» **Exercise instructions**
Quote the data exactly, first line to the line containing "(1.6, -7.5), align=None)", with no pictures.

Records drawn from a dataset
BEGIN
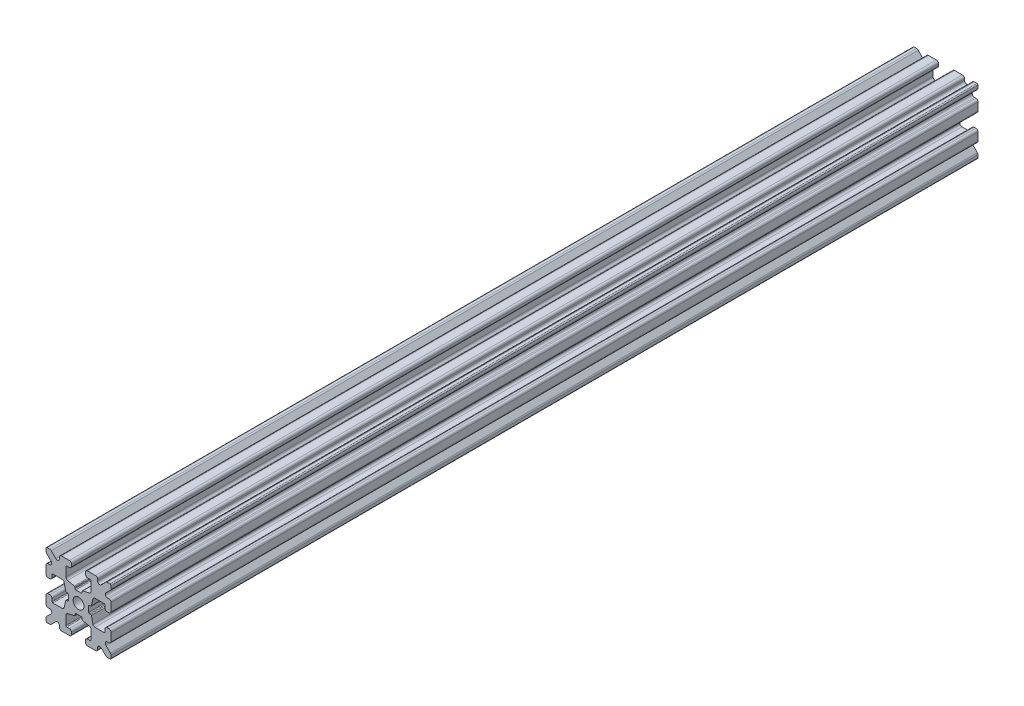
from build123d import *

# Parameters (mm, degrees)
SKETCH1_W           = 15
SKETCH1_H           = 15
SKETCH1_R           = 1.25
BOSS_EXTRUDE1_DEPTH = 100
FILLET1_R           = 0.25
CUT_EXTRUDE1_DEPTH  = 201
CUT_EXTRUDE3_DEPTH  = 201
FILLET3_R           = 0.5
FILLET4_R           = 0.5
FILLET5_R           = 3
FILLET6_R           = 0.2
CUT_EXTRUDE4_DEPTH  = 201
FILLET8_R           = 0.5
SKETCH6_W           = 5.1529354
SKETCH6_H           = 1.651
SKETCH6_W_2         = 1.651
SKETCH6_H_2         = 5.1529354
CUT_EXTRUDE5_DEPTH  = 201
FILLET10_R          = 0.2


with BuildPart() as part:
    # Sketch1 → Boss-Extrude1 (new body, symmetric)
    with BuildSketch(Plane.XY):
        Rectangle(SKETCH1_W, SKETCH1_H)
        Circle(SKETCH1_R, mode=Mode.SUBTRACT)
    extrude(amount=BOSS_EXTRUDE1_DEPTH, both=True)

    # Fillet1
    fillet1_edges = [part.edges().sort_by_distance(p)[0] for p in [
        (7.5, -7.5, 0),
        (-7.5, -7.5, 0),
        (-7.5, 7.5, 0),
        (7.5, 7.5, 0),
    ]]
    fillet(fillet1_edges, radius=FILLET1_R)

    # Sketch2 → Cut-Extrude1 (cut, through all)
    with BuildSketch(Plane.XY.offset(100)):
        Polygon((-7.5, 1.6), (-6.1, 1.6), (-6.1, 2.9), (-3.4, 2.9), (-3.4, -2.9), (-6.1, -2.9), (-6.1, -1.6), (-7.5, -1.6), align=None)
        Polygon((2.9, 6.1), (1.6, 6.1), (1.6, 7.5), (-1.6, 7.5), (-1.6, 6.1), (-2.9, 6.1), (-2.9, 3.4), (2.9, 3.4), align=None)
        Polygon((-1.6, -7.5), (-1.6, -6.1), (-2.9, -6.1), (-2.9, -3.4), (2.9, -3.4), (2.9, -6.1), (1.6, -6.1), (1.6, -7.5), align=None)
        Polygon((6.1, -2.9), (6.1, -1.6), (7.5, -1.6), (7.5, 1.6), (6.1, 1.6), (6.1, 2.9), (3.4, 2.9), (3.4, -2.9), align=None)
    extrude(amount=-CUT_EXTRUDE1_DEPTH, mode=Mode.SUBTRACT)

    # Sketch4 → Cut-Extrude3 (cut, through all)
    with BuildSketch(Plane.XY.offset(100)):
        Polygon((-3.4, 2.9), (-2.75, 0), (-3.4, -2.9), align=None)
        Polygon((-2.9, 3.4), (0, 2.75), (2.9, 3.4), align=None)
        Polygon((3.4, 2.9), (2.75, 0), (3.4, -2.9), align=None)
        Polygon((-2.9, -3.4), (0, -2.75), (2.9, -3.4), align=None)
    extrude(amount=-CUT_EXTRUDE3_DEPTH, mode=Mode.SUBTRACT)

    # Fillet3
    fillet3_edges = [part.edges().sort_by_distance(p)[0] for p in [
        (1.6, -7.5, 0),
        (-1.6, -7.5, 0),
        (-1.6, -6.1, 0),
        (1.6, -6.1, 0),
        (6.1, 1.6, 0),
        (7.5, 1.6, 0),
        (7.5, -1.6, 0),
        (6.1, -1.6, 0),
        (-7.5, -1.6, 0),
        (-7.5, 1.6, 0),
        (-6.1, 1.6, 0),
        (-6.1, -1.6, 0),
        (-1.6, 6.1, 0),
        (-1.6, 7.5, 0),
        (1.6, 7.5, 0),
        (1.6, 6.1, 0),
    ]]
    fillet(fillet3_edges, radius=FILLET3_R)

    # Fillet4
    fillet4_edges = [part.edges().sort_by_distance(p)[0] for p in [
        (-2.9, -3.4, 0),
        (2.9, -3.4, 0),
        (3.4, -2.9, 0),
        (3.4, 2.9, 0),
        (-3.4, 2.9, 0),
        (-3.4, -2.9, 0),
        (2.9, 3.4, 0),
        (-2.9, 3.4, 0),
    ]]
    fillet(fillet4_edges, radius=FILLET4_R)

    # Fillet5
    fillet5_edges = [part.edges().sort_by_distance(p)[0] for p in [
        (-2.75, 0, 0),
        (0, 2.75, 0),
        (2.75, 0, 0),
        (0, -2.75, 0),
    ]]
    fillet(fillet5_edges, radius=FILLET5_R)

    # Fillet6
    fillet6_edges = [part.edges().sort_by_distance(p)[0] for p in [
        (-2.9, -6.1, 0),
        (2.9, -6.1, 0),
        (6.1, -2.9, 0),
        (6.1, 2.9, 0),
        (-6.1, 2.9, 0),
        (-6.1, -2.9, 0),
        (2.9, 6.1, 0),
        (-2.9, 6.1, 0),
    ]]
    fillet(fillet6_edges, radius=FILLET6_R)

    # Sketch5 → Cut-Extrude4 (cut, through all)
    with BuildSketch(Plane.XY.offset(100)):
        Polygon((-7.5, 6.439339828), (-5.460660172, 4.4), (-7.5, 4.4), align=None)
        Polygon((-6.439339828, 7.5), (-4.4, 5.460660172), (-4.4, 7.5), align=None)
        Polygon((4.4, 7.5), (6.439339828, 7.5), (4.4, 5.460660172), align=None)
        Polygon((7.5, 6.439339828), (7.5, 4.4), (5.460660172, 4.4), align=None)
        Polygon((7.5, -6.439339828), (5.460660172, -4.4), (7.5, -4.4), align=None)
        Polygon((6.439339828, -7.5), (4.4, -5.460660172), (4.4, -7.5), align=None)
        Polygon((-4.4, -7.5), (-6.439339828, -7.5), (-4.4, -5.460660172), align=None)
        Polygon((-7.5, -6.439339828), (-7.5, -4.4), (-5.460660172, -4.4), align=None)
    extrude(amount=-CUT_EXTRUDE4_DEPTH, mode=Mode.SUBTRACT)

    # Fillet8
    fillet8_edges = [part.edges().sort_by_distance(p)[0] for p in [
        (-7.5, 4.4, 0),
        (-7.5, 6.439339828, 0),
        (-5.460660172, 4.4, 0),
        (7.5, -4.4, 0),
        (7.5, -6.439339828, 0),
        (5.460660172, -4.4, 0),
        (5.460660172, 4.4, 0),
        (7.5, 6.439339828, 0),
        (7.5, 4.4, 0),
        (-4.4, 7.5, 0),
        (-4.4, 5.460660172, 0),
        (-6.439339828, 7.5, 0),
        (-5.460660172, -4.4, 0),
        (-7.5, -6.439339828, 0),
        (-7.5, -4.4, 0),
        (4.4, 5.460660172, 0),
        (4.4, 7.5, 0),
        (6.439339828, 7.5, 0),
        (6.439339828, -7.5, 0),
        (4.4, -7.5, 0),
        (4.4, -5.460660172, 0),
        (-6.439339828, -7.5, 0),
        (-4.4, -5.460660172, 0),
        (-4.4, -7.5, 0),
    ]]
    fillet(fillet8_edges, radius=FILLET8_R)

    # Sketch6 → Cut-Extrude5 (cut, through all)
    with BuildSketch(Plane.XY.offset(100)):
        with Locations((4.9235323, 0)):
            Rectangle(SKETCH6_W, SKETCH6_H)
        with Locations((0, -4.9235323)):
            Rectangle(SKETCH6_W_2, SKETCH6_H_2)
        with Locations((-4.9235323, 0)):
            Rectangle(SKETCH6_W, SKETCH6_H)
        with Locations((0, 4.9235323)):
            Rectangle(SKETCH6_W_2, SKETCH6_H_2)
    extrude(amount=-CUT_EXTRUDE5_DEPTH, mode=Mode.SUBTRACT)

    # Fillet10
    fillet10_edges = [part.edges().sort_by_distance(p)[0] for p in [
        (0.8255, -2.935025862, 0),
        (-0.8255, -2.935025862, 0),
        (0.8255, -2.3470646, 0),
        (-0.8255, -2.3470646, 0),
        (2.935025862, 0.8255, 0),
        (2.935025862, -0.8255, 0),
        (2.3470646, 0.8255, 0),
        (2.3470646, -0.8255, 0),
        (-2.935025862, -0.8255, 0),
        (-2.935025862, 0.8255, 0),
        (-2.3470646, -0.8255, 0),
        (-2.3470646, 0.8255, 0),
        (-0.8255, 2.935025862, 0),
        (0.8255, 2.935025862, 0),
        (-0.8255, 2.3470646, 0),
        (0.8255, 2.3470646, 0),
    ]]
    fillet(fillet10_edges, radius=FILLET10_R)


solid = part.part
END
» **Result below**
from build123d import *

# Parameters (mm, degrees)
SKETCH1_W           = 15
SKETCH1_H           = 15
SKETCH1_R           = 1.25
BOSS_EXTRUDE1_DEPTH = 100
FILLET1_R           = 0.25
CUT_EXTRUDE1_DEPTH  = 201
CUT_EXTRUDE3_DEPTH  = 201
FILLET3_R           = 0.5
FILLET4_R           = 0.5
FILLET5_R           = 3
FILLET6_R           = 0.2
CUT_EXTRUDE4_DEPTH  = 201
FILLET8_R           = 0.5
SKETCH6_W           = 5.1529354
SKETCH6_H           = 1.651
SKETCH6_W_2         = 1.651
SKETCH6_H_2         = 5.1529354
CUT_EXTRUDE5_DEPTH  = 201
FILLET10_R          = 0.2


with BuildPart() as part:
    # Sketch1 → Boss-Extrude1 (new body, symmetric)
    with BuildSketch(Plane.XY):
        Rectangle(SKETCH1_W, SKETCH1_H)
        Circle(SKETCH1_R, mode=Mode.SUBTRACT)
    extrude(amount=BOSS_EXTRUDE1_DEPTH, both=True)

    # Fillet1
    fillet1_edges = [part.edges().sort_by_distance(p)[0] for p in [
        (7.5, -7.5, 0),
        (-7.5, -7.5, 0),
        (-7.5, 7.5, 0),
        (7.5, 7.5, 0),
    ]]
    fillet(fillet1_edges, radius=FILLET1_R)

    # Sketch2 → Cut-Extrude1 (cut, through all)
    with BuildSketch(Plane.XY.offset(100)):
        Polygon((-7.5, 1.6), (-6.1, 1.6), (-6.1, 2.9), (-3.4, 2.9), (-3.4, -2.9), (-6.1, -2.9), (-6.1, -1.6), (-7.5, -1.6), align=None)
        Polygon((2.9, 6.1), (1.6, 6.1), (1.6, 7.5), (-1.6, 7.5), (-1.6, 6.1), (-2.9, 6.1), (-2.9, 3.4), (2.9, 3.4), align=None)
        Polygon((-1.6, -7.5), (-1.6, -6.1), (-2.9, -6.1), (-2.9, -3.4), (2.9, -3.4), (2.9, -6.1), (1.6, -6.1), (1.6, -7.5), align=None)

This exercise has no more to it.